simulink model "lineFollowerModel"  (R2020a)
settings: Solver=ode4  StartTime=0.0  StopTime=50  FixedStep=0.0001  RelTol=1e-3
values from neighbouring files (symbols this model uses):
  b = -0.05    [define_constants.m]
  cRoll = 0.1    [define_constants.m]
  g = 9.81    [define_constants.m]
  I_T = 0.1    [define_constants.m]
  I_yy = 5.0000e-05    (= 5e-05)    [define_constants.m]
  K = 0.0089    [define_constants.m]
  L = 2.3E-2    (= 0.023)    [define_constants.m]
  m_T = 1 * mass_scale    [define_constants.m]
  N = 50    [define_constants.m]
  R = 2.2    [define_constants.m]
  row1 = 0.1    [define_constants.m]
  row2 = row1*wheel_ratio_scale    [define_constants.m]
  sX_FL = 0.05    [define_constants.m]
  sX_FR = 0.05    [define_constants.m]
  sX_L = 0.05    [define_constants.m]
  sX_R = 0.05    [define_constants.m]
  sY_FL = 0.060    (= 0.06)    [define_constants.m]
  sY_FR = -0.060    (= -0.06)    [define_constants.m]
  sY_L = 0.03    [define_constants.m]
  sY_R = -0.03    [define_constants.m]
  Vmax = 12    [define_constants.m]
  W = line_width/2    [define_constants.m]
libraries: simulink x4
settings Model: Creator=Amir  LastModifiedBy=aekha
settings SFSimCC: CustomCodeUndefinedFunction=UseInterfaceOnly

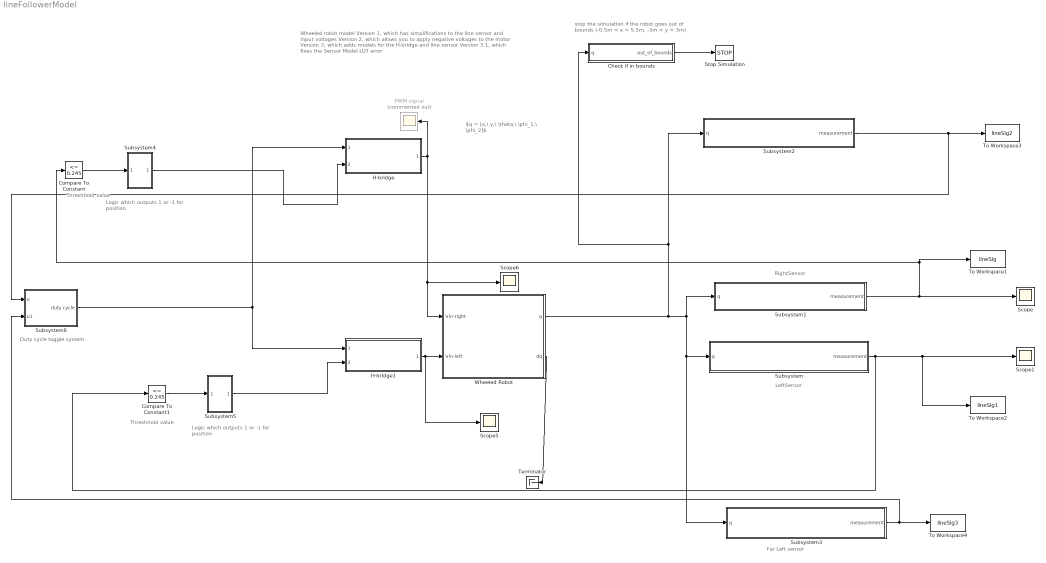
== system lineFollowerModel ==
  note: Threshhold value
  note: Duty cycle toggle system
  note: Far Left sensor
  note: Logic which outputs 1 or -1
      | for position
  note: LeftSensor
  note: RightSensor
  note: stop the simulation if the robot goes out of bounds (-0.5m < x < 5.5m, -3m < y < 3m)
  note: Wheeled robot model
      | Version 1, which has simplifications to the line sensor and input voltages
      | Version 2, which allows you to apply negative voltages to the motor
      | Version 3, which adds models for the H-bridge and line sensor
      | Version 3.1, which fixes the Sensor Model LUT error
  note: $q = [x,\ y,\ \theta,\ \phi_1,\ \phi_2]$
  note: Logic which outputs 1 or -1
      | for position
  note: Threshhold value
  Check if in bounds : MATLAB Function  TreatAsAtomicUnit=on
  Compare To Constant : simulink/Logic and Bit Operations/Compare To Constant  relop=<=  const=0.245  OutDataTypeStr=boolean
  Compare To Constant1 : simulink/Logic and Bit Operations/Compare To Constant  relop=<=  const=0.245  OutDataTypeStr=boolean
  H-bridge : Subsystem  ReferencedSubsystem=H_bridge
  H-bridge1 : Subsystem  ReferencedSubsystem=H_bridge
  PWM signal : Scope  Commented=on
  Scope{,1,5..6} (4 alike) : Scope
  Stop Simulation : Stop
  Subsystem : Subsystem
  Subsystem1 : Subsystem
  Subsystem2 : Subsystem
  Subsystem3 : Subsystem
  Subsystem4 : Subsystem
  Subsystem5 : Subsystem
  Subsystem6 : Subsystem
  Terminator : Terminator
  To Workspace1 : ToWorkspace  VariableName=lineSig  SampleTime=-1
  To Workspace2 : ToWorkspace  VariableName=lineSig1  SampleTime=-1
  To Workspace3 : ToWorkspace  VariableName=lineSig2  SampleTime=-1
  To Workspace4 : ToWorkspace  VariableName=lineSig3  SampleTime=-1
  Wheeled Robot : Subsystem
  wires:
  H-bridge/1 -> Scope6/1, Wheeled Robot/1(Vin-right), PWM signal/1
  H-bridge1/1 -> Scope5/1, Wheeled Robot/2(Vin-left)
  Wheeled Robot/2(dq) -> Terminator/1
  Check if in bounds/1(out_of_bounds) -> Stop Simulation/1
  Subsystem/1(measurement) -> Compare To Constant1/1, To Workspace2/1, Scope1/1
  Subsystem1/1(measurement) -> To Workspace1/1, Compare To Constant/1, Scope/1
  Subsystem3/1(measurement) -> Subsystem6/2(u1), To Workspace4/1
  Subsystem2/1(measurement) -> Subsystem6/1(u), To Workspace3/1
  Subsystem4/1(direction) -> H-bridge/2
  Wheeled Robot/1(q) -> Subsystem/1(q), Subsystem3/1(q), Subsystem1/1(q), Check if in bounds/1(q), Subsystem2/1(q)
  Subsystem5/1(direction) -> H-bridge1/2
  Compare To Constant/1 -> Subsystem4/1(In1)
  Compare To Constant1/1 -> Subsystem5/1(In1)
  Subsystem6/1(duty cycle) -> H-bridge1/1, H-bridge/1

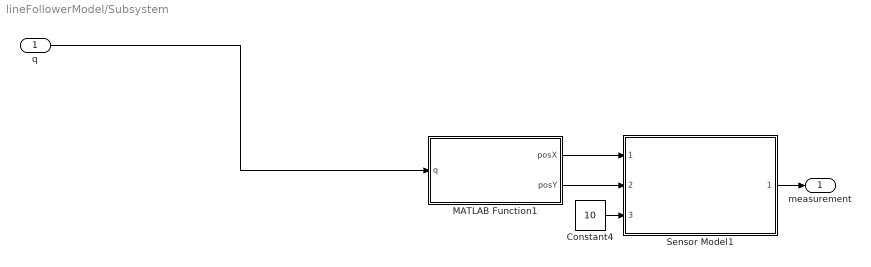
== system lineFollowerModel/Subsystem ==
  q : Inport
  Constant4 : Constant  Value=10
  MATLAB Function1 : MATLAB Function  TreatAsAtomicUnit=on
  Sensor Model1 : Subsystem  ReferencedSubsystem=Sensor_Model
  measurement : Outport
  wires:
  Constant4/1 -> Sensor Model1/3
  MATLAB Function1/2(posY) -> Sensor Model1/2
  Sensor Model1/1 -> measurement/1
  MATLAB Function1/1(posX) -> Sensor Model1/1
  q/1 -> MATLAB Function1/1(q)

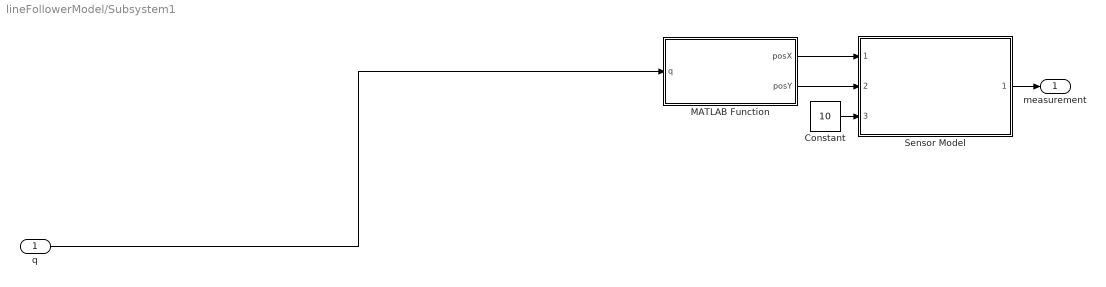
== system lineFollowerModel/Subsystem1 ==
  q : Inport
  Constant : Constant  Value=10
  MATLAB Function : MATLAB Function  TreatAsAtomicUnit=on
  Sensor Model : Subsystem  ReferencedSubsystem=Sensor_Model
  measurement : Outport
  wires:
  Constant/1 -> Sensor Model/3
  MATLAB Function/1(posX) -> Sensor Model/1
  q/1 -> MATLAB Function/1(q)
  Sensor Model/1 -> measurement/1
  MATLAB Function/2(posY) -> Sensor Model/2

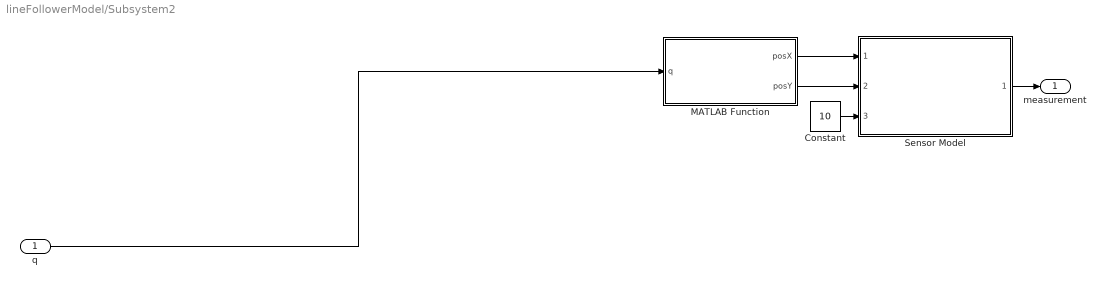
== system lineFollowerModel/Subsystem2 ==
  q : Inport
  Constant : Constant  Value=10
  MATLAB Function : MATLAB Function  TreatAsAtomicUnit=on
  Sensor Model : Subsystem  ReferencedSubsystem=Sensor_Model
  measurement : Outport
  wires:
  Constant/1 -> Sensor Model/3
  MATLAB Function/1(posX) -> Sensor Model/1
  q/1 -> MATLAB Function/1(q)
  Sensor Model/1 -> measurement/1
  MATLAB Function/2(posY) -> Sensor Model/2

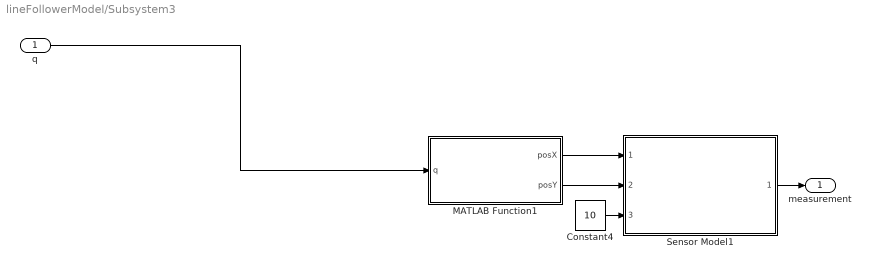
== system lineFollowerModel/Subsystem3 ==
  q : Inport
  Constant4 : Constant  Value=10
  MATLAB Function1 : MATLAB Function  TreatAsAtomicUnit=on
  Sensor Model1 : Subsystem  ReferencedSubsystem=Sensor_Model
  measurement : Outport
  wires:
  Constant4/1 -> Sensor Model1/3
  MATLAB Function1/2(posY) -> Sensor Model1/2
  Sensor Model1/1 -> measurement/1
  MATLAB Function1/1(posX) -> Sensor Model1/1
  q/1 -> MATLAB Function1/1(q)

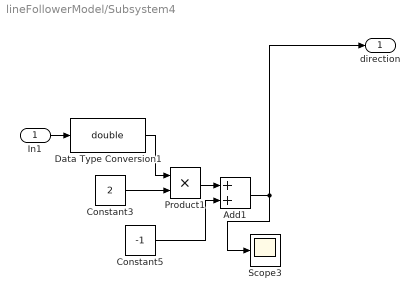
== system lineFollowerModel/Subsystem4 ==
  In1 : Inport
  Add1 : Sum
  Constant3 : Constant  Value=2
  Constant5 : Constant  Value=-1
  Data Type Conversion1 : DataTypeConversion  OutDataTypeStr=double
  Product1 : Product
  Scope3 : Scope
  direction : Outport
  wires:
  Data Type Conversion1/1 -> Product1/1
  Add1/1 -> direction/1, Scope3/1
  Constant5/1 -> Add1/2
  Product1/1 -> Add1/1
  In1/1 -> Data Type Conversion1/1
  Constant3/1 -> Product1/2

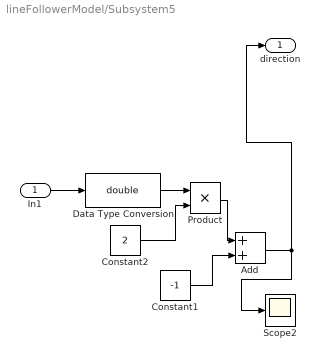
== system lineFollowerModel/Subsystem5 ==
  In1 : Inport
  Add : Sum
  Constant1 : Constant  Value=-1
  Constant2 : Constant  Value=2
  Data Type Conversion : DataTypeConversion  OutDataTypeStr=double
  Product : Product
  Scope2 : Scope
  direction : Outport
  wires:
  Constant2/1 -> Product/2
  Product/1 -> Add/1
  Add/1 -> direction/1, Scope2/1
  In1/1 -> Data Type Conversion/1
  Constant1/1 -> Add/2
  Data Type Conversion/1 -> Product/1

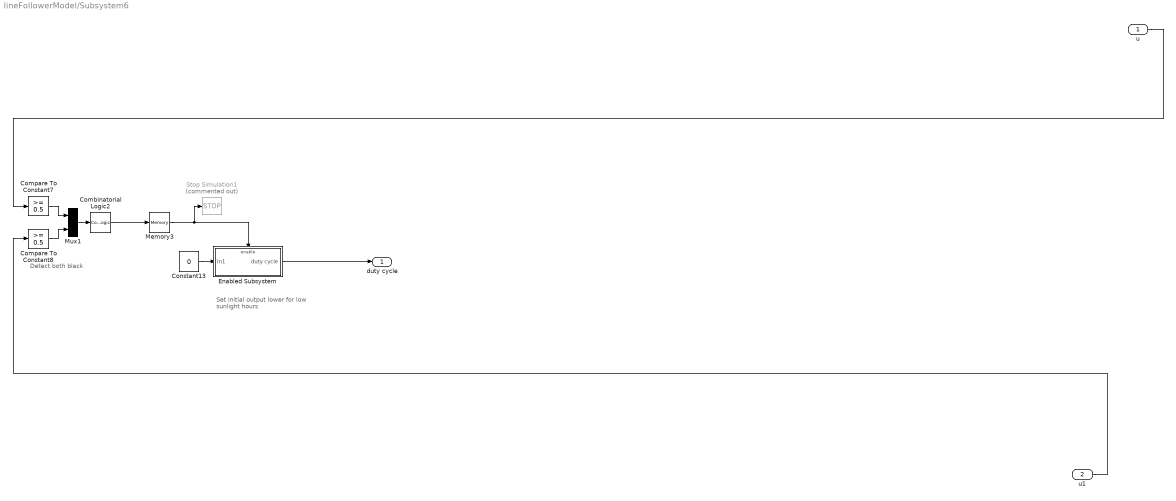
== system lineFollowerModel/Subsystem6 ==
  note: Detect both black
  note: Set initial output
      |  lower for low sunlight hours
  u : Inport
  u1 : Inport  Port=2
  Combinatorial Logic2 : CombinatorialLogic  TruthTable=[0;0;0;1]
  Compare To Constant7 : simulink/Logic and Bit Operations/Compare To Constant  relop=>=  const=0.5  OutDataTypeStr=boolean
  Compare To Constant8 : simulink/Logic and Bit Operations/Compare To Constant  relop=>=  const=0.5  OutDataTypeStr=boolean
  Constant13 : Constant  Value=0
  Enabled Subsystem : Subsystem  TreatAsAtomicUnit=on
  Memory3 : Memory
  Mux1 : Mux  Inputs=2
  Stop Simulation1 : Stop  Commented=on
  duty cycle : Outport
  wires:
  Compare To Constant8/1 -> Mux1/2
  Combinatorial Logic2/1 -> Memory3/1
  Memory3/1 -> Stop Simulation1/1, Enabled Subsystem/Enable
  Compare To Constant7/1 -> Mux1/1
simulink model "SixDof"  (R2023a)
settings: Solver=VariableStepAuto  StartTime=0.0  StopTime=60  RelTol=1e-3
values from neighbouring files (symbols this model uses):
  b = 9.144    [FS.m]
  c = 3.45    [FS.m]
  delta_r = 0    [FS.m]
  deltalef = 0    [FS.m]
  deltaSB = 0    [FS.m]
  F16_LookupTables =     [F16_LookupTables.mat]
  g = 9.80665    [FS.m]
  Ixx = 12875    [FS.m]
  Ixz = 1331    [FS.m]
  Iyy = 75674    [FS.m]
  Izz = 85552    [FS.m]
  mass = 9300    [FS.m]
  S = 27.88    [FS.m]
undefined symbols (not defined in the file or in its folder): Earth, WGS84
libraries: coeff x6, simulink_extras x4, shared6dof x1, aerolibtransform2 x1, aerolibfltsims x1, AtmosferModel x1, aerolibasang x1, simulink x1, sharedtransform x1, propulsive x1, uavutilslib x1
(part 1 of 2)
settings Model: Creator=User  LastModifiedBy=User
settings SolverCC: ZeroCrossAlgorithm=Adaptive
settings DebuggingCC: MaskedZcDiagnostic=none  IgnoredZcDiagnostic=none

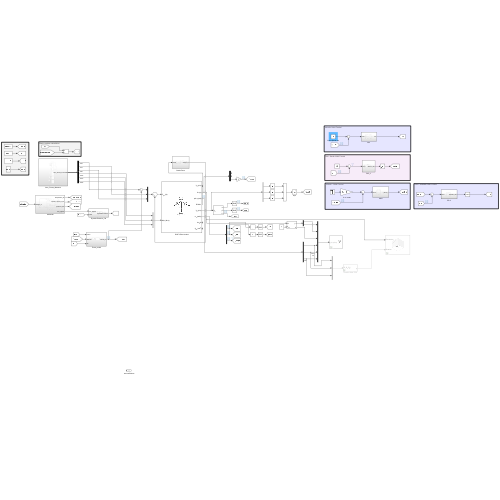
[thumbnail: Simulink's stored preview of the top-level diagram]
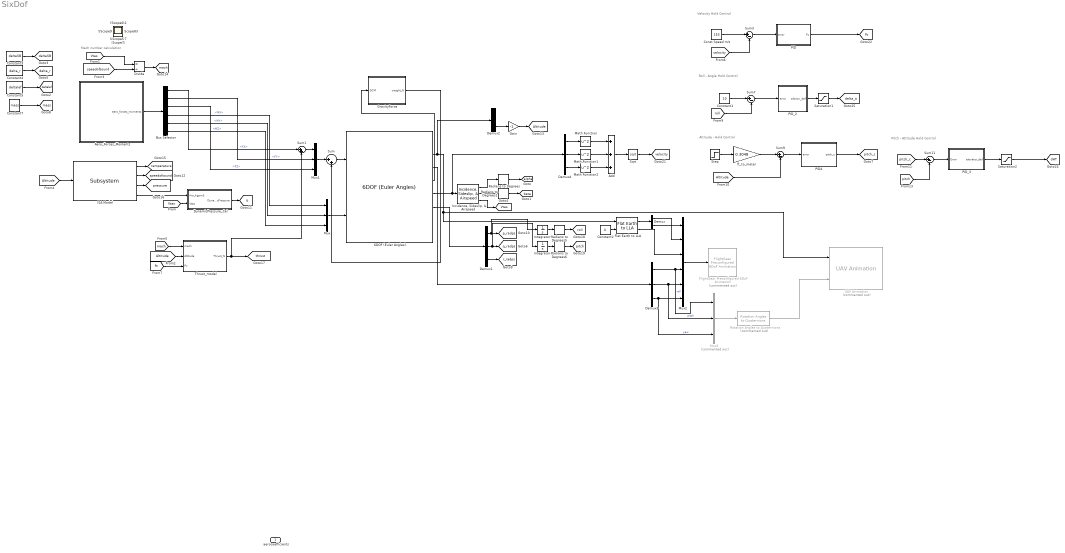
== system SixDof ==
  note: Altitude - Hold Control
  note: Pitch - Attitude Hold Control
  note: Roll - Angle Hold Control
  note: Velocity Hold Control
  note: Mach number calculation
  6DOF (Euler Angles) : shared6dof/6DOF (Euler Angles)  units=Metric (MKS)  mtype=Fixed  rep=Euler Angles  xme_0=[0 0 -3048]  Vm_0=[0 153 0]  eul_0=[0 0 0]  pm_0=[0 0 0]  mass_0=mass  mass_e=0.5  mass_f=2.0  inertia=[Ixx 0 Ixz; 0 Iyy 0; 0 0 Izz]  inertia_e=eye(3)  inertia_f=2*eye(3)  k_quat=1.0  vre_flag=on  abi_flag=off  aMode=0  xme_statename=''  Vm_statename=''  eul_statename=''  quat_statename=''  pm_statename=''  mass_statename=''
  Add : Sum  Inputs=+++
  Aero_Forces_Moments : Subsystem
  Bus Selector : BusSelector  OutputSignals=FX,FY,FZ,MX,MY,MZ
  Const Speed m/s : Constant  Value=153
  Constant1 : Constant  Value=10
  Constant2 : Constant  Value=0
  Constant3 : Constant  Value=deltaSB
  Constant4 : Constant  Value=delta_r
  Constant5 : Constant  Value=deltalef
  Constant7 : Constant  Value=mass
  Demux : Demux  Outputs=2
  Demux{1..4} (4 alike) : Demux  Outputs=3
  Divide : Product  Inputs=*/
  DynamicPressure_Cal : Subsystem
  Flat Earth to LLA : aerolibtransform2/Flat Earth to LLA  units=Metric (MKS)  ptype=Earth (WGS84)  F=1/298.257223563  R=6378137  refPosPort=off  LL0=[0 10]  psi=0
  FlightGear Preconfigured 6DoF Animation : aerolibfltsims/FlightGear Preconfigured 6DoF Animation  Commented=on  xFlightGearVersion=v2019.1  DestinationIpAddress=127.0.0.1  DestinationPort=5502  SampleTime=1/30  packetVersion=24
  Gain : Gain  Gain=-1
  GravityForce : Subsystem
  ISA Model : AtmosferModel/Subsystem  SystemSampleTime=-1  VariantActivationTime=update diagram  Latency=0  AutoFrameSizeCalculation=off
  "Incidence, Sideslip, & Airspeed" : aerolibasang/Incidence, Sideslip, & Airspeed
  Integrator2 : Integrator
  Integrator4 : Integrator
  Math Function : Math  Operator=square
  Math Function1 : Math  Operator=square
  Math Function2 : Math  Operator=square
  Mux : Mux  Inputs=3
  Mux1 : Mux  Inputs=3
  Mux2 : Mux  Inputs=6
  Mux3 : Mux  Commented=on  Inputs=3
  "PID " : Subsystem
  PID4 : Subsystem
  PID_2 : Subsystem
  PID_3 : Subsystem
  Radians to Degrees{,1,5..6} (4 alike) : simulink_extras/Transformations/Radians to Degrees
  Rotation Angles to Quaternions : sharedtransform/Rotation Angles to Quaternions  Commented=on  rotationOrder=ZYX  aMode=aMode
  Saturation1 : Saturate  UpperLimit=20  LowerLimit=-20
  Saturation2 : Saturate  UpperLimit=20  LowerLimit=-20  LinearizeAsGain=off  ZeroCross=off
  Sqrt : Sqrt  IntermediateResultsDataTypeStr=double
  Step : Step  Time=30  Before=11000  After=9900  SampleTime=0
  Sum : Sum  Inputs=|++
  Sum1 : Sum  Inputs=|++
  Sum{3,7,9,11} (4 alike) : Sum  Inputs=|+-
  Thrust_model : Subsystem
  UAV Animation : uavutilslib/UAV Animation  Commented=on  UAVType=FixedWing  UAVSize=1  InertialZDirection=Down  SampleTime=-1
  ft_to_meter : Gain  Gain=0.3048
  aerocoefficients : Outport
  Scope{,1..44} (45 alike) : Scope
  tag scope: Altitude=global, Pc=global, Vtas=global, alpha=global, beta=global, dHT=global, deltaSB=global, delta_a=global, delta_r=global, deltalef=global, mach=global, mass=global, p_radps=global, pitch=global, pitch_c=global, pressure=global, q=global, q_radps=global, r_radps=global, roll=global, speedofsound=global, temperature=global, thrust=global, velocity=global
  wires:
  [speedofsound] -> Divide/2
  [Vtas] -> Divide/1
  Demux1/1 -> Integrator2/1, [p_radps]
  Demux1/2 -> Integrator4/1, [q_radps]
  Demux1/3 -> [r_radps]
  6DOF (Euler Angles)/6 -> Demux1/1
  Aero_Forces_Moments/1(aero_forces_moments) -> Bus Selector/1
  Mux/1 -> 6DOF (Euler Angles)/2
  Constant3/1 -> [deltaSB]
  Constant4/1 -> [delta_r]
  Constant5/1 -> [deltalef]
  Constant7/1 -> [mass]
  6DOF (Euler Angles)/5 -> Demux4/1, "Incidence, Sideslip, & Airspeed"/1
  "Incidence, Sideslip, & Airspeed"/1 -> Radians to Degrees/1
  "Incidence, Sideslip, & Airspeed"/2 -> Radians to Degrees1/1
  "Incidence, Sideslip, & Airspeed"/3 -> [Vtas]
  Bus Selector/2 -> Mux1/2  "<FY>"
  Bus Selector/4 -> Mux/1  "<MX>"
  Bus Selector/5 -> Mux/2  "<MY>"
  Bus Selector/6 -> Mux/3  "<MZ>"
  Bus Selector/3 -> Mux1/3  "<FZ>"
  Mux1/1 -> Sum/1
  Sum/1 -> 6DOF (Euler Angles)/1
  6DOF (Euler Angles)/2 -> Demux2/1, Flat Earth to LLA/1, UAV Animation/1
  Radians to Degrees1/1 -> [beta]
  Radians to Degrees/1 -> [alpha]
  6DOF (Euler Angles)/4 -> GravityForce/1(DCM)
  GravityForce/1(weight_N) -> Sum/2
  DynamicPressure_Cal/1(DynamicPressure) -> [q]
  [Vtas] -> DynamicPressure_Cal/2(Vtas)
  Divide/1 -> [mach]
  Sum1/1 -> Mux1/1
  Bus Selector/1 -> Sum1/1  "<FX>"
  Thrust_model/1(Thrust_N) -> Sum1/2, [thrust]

----

Lines from the start of the entries through the one containing "row2 = row1*wheel_ratio_scale" are to be set down again exactly, both ends included.

— Task result —
simulink model "lineFollowerModel"  (R2020a)
settings: Solver=ode4  StartTime=0.0  StopTime=50  FixedStep=0.0001  RelTol=1e-3
values from neighbouring files (symbols this model uses):
  b = -0.05    [define_constants.m]
  cRoll = 0.1    [define_constants.m]
  g = 9.81    [define_constants.m]
  I_T = 0.1    [define_constants.m]
  I_yy = 5.0000e-05    (= 5e-05)    [define_constants.m]
  K = 0.0089    [define_constants.m]
  L = 2.3E-2    (= 0.023)    [define_constants.m]
  m_T = 1 * mass_scale    [define_constants.m]
  N = 50    [define_constants.m]
  R = 2.2    [define_constants.m]
  row1 = 0.1    [define_constants.m]
  row2 = row1*wheel_ratio_scale    [define_constants.m]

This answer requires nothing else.